» **Work request**
Only the lines from the start of the data below through the line that contains "[picture b1s5: schematic" are to be copied, exactly and without pictures.

··· The records ···

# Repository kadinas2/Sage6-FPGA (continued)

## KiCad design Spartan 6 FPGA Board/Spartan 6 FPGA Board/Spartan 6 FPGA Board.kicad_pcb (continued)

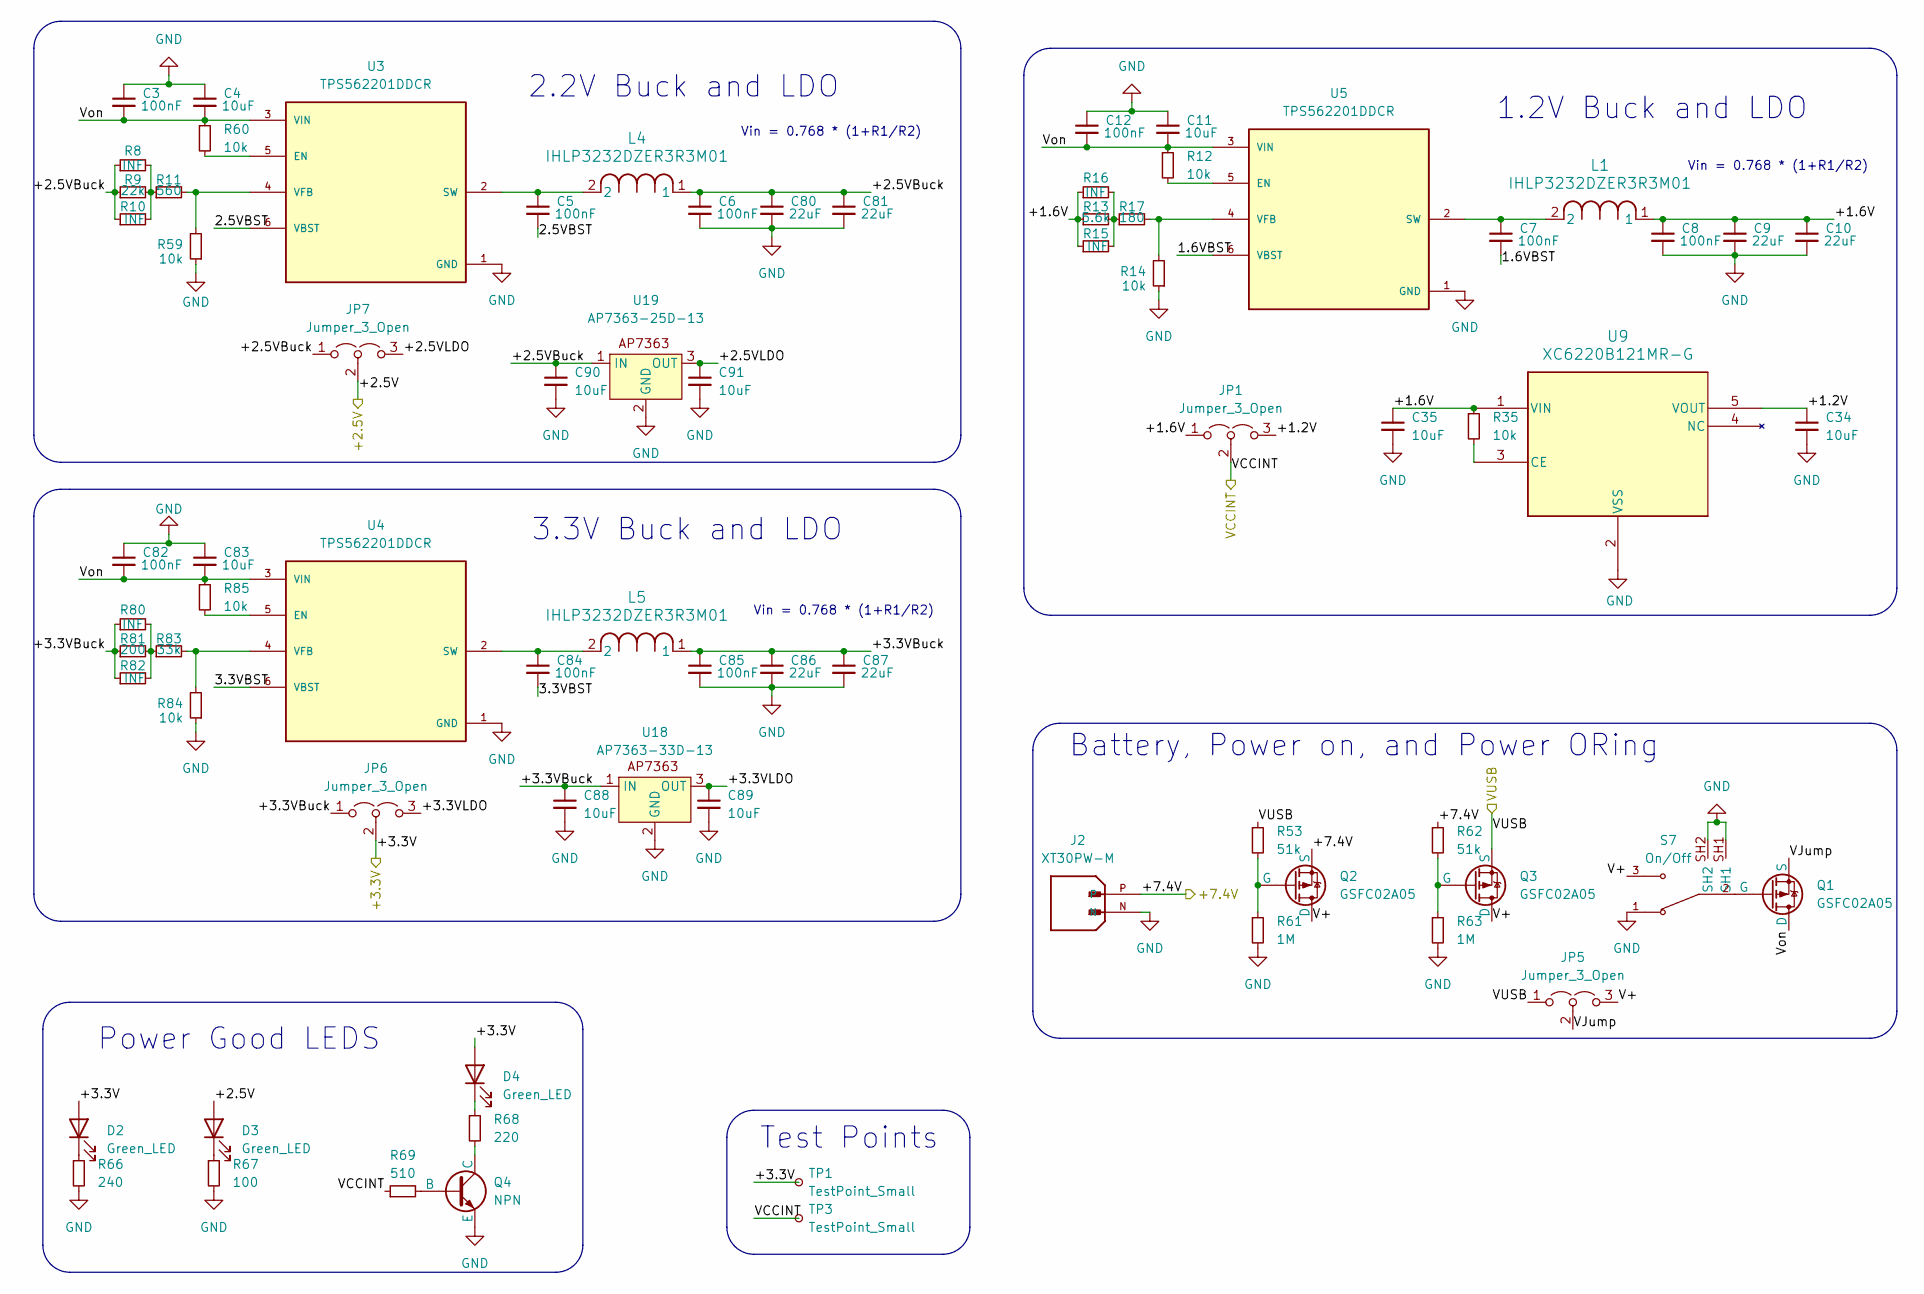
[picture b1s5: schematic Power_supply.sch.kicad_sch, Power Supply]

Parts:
C3, C5, C6, C7, C8, C12, C82, C84, C85: 100nF; C_0805_2012Metric_Pad1.18x1.45mm_HandSolder
C4, C11, C34, C35, C83, C88, C89, C90, C91: 10uF; C_0805_2012Metric_Pad1.18x1.45mm_HandSolder
C9, C10, C80, C81, C86, C87: 22uF; C_0805_2012Metric_Pad1.18x1.45mm_HandSolder
D2, D3, D4: Green_LED; LED_0805_2012Metric
J2: XT30PW-M; AMASS_XT30PW-M; PARTREV 1.2
JP1, JP5, JP6, JP7: Jumper_3_Open; PinHeader_1x03_P2.54mm_Vertical
L1, L4, L5: IHLP3232DZER3R3M01; IND_IHLP-3232DZ_VIS
Q1, Q2, Q3: GSFC02A05; SOT-23
Q4: NPN; SOT-23
R8, R10, R15, R16, R80, R82: INF; R_0805_2012Metric_Pad1.20x1.40mm_HandSolder
R9: 22k; R_0805_2012Metric_Pad1.20x1.40mm_HandSolder
R11: 560; R_0805_2012Metric_Pad1.20x1.40mm_HandSolder
R12, R14, R35, R59, R60, R84, R85: 10k; R_0805_2012Metric_Pad1.20x1.40mm_HandSolder
R13: 5.6k; R_0805_2012Metric_Pad1.20x1.40mm_HandSolder
R17: 180; R_0805_2012Metric_Pad1.20x1.40mm_HandSolder
R53, R62: 51k; R_0805_2012Metric_Pad1.20x1.40mm_HandSolder
R61, R63: 1M; R_0805_2012Metric_Pad1.20x1.40mm_HandSolder
R66: 240; R_0805_2012Metric_Pad1.20x1.40mm_HandSolder
R67: 100; R_0805_2012Metric_Pad1.20x1.40mm_HandSolder
R68: 220; R_0805_2012Metric_Pad1.20x1.40mm_HandSolder
R69: 510; R_0805_2012Metric_Pad1.20x1.40mm_HandSolder
R81: 200; R_0805_2012Metric_Pad1.20x1.40mm_HandSolder
R83: 33k; R_0805_2012Metric_Pad1.20x1.40mm_HandSolder
S7: On/Off; SW_SLW-835636-3A-RA-N-D; PARTREV 1.01
TP1, TP3: TestPoint_Small; TestPoint_Pad_D1.0mm
U3, U4, U5: TPS562201DDCR; SOT95P280X110-6N; PARTREV A
U9: XC6220B121MR-G; SOT-25_TOR
U18: AP7363-33D-13; TO-252-3_TabPin2
U19: AP7363-25D-13; TO-252-3_TabPin2

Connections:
/+2.5V: D3.2 (A), JP7.2 (C); also elsewhere on the board
/+3.3V: D2.2 (A), D4.2 (A), JP6.2 (C), TP1.1; also elsewhere on the board
/+7.4V: J2.P, Q2.3 (S), R62.1; also elsewhere on the board
/Power Supply/1.6VBST: C7.2, U5.6 (VBST)
/Power Supply/2.5VBST: C5.2, U3.6 (VBST)
/Power Supply/3.3VBST: C84.2, U4.6 (VBST)
/Power Supply/+1.2V: C34.1, JP1.3 (B), U9.5 (VOUT)
/Power Supply/+1.6V: C8.1, C9.1, C10.1, C35.1, JP1.1 (A), L1.1, R13.1, R15.1, R16.1, R35.1, U9.1 (VIN)
/Power Supply/+2.5VBuck: C6.1, C80.1, C81.1, C90.1, JP7.1 (A), L4.1, R8.1, R9.1, R10.1, U19.1 (IN)
/Power Supply/+2.5VLDO: C91.1, JP7.3 (B), U19.3 (OUT)
/Power Supply/+3.3VBuck: C85.1, C86.1, C87.1, C88.1, JP6.1 (A), L5.1, R80.1, R81.1, R82.1, U18.1 (IN)
/Power Supply/+3.3VLDO: C89.1, JP6.3 (B), U18.3 (OUT)
/Power Supply/V+: JP5.3 (B), Q2.1 (D), Q3.1 (D), S7.3
/Power Supply/VJump: JP5.2 (C), Q1.3 (S)
/Power Supply/Von: C3.2, C4.2, C11.2, C12.2, C82.2, C83.2, Q1.1 (D), R12.1, R60.1, R85.1, U3.3 (VIN), U4.3 (VIN), U5.3 (VIN)
/VCCINT: JP1.2 (C), R69.1, TP3.1; also elsewhere on the board
/VUSB: JP5.1 (A), Q3.3 (S), R53.1; also elsewhere on the board
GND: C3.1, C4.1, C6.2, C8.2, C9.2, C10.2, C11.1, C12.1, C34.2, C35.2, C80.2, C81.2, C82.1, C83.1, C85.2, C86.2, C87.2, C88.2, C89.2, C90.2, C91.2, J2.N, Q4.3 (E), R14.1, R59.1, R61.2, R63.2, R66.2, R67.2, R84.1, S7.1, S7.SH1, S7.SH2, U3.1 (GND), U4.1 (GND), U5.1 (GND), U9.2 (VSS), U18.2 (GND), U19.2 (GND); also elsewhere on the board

···

» **Solution**
# Repository kadinas2/Sage6-FPGA (continued)

## KiCad design Spartan 6 FPGA Board/Spartan 6 FPGA Board/Spartan 6 FPGA Board.kicad_pcb (continued)

[picture b1s5: schematic Power_supply.sch.kicad_sch, Power Supply]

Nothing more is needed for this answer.